Como setor estratégico (Lima & Dorziat, 2015), a educação tem sido considerada um mecanismo indispensável de promoção da equidade e da inclusão, de acordo com o 4.º Objetivo de Desenvolvimento Sustentável da Agenda 2030 (United Nations, 2015), embora tal desafio global só possa ser concretizado através da qualificação dos professores, mediante uma formação exigente e diversificada, em áreas que exigem uma compreensão do mundo social, por um lado, e do mundo pedagógico das escolas, por outro. Para isso, é fundamental estudar as perceções dos coordenadores de formação de professores de um nível de ensino, neste caso do 2.º CEB, onde as medidas de educação inclusivas são prioritárias.

3. Metodologia

A constatação da existência de uma relação próxima entre a formação docente, a construção de uma escola mais inclusiva e a gestão curricular da diversidade da sala de aula levou à definição da questão de investigação: de que modo coordenadores de cursos de formação inicial de professores do 2.º CEB percecionam a diferenciação curricular e pedagógica em função do trabalho com alunos que necessitam de um apoio pedagógico específico? Pareceu-nos adequado recuar a montante e recolher as perspetivas de coordenadores de cursos de formação de professores, já que estes delineiam o currículo dos cursos através dos quais são formados os professores do 2.º CEB. O estudo das perceções de coordenadores de formação inicial quanto à formação de professores, no sentido de dar resposta a todos os alunos, e nomeadamente aos que revelam dificuldades de aprendizagem ou incapacidades, revela-se, em consequência, oportuno e pertinente, uma vez que é nos cursos de formação inicial de professores que pode estar a base de uma gestão curricular inclusiva.

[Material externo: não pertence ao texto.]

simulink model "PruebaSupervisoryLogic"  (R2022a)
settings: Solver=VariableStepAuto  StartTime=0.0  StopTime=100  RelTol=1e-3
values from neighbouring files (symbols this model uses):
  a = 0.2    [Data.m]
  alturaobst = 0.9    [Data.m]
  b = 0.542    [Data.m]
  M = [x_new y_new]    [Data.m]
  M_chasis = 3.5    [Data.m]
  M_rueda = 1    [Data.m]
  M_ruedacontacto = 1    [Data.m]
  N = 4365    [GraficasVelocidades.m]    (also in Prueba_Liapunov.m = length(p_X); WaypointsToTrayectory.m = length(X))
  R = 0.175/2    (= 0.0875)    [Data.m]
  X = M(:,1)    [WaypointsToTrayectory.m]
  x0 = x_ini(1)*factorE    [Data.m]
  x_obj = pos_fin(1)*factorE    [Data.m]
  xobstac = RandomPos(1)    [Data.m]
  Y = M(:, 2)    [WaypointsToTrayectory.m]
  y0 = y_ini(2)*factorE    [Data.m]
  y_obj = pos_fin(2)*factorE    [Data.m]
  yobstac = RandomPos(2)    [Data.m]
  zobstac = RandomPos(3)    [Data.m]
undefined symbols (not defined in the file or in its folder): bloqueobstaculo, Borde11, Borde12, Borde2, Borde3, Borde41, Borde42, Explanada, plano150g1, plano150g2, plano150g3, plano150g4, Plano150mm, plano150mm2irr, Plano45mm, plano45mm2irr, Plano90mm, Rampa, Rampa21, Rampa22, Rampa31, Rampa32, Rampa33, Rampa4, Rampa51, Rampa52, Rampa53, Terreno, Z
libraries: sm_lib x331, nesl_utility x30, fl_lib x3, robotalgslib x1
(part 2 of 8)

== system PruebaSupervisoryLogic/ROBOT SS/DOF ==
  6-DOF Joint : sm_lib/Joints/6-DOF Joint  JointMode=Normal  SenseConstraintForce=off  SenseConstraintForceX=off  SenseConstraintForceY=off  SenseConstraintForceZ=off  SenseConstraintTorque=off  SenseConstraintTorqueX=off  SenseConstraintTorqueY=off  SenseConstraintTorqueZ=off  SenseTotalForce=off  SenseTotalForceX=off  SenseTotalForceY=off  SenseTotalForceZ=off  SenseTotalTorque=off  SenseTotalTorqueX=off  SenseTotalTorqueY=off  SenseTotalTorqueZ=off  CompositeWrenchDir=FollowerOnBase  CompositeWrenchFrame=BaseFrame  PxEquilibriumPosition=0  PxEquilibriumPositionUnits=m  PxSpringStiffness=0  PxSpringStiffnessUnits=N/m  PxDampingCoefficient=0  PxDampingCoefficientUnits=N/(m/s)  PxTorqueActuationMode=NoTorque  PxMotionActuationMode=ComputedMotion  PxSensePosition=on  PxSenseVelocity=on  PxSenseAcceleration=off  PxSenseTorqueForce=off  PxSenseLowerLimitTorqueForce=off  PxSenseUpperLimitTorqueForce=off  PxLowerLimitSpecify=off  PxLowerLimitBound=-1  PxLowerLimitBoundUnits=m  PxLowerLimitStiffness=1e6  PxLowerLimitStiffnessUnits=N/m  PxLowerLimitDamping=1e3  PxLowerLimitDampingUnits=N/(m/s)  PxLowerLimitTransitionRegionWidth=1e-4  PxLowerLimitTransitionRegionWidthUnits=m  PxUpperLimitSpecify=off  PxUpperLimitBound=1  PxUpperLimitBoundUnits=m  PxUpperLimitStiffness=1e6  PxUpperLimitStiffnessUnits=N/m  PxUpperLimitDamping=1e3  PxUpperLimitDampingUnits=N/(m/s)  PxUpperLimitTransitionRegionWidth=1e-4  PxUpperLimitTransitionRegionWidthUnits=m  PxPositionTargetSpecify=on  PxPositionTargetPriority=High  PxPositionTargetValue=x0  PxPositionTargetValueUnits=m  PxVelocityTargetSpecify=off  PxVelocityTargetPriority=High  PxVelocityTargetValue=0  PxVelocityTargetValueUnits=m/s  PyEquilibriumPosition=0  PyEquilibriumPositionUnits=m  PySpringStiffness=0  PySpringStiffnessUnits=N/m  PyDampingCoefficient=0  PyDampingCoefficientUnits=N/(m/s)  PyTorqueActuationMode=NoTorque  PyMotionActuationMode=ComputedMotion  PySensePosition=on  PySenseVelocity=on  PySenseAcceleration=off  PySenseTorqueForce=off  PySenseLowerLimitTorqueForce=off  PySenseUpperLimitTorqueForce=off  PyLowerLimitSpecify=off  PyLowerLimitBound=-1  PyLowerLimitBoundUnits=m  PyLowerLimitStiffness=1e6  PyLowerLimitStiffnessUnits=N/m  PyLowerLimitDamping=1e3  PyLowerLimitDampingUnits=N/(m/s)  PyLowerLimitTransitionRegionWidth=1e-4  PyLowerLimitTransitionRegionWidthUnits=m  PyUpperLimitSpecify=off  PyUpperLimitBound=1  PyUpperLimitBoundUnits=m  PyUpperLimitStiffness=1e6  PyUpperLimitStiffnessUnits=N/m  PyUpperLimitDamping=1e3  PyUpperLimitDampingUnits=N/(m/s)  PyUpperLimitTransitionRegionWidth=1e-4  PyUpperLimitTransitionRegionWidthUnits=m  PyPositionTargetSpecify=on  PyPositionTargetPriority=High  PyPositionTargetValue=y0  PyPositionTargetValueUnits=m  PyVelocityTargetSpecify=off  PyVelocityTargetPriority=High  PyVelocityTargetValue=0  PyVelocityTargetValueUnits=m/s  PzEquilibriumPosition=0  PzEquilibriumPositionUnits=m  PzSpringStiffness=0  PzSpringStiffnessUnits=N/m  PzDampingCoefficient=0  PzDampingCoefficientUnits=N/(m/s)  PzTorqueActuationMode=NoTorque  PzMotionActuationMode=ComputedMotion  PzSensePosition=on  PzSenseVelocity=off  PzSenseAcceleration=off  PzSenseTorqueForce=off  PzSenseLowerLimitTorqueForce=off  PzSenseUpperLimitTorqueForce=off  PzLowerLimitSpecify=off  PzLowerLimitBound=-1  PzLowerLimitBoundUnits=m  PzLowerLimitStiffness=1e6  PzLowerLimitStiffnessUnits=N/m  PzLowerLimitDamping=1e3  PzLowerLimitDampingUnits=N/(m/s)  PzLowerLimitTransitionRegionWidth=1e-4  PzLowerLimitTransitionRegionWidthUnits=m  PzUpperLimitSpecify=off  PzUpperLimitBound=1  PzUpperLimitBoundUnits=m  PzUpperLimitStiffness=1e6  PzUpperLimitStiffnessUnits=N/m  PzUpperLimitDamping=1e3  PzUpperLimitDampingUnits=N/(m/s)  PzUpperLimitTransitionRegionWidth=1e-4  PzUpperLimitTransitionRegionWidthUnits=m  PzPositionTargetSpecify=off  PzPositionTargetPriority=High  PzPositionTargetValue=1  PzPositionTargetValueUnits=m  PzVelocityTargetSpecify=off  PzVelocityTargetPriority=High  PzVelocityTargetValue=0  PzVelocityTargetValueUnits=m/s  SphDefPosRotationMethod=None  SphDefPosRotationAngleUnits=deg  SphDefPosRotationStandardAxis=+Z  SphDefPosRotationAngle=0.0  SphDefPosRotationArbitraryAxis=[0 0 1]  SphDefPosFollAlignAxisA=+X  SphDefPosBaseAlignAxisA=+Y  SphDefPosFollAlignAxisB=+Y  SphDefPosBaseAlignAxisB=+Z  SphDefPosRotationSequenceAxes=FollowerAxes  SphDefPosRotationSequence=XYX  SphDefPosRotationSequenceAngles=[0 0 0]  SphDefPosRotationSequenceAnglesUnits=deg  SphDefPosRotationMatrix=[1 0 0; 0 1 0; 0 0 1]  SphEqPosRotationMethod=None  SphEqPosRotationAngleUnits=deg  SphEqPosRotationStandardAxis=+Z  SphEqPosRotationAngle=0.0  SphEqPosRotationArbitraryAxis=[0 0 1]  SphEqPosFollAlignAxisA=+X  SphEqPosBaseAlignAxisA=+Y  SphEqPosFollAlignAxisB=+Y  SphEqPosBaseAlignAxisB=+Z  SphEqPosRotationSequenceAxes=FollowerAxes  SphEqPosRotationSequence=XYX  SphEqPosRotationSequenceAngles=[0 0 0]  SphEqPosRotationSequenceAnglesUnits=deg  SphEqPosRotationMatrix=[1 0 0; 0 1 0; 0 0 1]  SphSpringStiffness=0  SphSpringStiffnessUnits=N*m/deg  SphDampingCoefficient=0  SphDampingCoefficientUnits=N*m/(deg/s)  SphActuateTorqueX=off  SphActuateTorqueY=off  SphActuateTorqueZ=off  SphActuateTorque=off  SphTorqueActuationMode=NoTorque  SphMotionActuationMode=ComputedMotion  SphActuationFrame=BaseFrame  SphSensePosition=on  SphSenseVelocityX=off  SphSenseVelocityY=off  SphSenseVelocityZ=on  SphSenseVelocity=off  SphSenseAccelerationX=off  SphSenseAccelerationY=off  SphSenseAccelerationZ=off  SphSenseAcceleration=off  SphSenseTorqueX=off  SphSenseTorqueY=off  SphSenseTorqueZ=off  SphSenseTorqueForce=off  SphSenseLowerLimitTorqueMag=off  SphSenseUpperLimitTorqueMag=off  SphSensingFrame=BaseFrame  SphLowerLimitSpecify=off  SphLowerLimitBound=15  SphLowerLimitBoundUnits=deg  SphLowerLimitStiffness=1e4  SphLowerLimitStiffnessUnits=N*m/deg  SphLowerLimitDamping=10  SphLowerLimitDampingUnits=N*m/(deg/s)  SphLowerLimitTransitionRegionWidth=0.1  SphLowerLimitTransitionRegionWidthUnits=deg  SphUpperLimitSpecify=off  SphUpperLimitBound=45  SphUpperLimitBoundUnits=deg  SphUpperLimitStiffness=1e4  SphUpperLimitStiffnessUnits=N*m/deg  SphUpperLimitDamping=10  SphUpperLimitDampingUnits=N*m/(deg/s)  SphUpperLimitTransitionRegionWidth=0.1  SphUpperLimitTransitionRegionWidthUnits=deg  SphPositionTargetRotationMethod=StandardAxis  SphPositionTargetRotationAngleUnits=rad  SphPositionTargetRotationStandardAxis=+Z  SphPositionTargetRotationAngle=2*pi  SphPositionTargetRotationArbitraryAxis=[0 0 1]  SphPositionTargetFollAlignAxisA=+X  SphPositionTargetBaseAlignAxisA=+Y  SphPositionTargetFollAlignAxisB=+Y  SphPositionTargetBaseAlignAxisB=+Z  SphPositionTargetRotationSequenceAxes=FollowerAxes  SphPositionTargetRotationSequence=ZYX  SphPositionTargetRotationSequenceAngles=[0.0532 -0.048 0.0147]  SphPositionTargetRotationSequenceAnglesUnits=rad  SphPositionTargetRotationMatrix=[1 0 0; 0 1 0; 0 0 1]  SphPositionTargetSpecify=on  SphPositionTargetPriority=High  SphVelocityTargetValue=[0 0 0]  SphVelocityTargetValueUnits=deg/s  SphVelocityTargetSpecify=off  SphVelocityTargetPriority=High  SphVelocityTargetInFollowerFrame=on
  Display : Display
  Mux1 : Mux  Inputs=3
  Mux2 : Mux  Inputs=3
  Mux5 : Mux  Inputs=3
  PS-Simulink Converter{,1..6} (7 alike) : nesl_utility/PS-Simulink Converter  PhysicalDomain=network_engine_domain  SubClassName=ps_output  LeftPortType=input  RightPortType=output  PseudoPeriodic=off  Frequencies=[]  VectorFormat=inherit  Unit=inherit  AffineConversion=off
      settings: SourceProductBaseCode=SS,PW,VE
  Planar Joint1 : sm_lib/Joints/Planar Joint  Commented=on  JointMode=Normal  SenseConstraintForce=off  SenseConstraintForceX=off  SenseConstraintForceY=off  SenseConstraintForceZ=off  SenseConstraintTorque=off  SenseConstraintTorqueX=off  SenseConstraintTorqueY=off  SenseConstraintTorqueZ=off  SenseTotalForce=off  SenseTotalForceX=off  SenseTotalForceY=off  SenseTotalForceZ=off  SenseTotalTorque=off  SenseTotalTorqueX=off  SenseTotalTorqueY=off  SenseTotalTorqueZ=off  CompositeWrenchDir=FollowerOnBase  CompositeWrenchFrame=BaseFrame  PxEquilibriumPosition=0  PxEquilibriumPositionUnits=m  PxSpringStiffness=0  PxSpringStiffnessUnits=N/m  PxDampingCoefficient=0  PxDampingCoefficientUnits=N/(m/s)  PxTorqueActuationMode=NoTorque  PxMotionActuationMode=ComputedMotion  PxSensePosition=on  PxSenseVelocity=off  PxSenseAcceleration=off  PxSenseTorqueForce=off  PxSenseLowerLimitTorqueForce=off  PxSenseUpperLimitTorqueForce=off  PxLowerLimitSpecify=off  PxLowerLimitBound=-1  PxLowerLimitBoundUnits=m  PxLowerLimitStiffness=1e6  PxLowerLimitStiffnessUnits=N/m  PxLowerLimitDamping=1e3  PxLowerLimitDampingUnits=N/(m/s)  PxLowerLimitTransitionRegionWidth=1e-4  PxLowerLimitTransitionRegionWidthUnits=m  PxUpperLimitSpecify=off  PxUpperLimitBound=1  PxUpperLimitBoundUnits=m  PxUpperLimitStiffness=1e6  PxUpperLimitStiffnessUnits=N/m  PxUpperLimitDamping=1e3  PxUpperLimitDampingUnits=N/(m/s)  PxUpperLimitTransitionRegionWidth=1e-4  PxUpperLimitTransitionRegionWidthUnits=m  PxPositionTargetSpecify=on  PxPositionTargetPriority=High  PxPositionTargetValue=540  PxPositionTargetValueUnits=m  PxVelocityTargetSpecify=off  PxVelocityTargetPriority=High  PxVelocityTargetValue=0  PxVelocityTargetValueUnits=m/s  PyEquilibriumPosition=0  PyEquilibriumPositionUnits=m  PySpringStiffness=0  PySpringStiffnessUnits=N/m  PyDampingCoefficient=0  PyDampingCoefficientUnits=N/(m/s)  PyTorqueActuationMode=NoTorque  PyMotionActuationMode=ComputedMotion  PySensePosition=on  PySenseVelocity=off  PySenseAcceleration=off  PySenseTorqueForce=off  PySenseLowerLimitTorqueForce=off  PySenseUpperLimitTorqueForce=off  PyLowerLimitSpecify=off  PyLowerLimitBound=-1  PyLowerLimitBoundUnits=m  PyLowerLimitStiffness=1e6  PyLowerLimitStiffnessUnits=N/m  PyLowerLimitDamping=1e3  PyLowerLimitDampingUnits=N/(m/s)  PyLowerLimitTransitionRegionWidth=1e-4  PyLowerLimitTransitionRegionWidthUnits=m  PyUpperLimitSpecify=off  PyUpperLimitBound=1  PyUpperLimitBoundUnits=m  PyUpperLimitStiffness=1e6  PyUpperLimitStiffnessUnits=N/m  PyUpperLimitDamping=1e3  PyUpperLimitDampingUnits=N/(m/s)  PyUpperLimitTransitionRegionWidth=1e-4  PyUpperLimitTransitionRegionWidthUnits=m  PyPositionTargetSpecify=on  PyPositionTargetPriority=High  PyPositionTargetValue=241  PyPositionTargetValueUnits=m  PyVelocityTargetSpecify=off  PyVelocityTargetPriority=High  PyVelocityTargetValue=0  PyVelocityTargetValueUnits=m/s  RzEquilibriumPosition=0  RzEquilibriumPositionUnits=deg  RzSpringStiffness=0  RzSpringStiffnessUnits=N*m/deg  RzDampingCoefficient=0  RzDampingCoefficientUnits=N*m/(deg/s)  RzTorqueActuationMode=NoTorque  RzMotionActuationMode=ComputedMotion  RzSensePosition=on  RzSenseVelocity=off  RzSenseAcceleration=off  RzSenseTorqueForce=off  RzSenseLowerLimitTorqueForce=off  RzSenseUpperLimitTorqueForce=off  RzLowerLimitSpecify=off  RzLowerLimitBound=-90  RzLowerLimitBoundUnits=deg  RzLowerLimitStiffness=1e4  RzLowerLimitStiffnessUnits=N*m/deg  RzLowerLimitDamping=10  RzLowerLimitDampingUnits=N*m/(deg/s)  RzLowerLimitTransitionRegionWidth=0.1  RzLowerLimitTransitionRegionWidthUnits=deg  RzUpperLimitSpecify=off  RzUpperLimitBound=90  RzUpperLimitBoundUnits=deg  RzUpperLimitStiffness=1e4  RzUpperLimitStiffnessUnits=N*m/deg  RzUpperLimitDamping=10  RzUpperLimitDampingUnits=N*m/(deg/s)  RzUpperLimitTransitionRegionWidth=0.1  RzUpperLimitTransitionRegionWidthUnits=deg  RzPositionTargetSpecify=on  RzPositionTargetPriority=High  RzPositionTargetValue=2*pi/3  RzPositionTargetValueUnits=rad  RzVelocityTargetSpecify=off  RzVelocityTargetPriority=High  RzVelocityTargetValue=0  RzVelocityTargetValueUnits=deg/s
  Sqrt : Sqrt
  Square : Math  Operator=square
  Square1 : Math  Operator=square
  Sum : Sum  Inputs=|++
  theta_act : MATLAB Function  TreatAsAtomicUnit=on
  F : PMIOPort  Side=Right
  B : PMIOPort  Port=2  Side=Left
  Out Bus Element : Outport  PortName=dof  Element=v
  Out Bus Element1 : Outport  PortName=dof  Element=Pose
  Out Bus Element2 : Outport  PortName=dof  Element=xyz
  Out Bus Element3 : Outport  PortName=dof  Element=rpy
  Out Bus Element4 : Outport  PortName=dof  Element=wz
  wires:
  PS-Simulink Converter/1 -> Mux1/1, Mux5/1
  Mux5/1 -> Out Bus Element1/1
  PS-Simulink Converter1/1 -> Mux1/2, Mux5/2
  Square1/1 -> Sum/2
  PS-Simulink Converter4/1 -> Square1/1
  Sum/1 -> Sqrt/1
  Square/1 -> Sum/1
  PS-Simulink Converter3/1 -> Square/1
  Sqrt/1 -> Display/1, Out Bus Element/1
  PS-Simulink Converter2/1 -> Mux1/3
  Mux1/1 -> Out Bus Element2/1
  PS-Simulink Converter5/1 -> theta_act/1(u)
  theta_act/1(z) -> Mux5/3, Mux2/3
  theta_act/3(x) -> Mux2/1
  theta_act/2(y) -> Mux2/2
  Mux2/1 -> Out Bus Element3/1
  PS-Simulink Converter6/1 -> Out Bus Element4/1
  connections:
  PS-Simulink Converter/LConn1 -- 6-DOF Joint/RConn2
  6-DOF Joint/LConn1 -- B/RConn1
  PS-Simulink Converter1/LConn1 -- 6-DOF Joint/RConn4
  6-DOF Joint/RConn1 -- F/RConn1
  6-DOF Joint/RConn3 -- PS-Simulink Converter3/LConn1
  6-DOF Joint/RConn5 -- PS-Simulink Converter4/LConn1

Inserido num projeto mais amplo de investigação (Inês, 2021), o estudo empírico realizado, de natureza qualitativa (Bogdan & Biklen, 1994; Flick, 2015), consistiu na realização de cinco entrevistas individuais semiestruturadas, com uma duração média de 15 minutos cada, aplicadas entre 21 de setembro e 24 de novembro de 2017, a coordenadores (n=5) de cinco instituições de ensino superior diferentes, que responderam favoravelmente ao nosso pedido de colaboração. Foram critérios de constituição do grupo de participantes a representação do território nacional (Norte, Centro, Sul e Regiões Autónomas), a inclusão de participantes de diversos cursos de formação inicial de professores e de tipologias de instituição superior. A resposta favorável ao pedido de colaboração permitiu chegar aos participantes auscultados. A manutenção do anonimato dos participantes justifica o facto de não se identificar a região em que se integra cada uma das instituições, nem se apresentarem dados de caracterização extensivos.

Uma vez transcritas as entrevistas, foi realizada a respetiva análise de conteúdo, entendida por Karl Henkel (2017) como uma “análise interpretativa de textos por meio de decomposição do discurso e reconstrução racional de uma ideia central com a aplicação de regras lógicas a respeito da origem dessas mensagens com a finalidade de criar categorias” (p. 787). Hermano Carmo e Manuela Ferreira (2008) consideraram que a realização deste procedimento exige a identificação de categorias que reúnam as características de exaustividade (todo o conteúdo que se classifica deve ser integralmente incluído), exclusividade (os elementos só devem pertencer a uma categoria), objetividade (as categorias devem ser claras, sem ambiguidades) e pertinência (uma estreita relação deve ser mantida com os objetivos e com o conteúdo que está a ser classificado).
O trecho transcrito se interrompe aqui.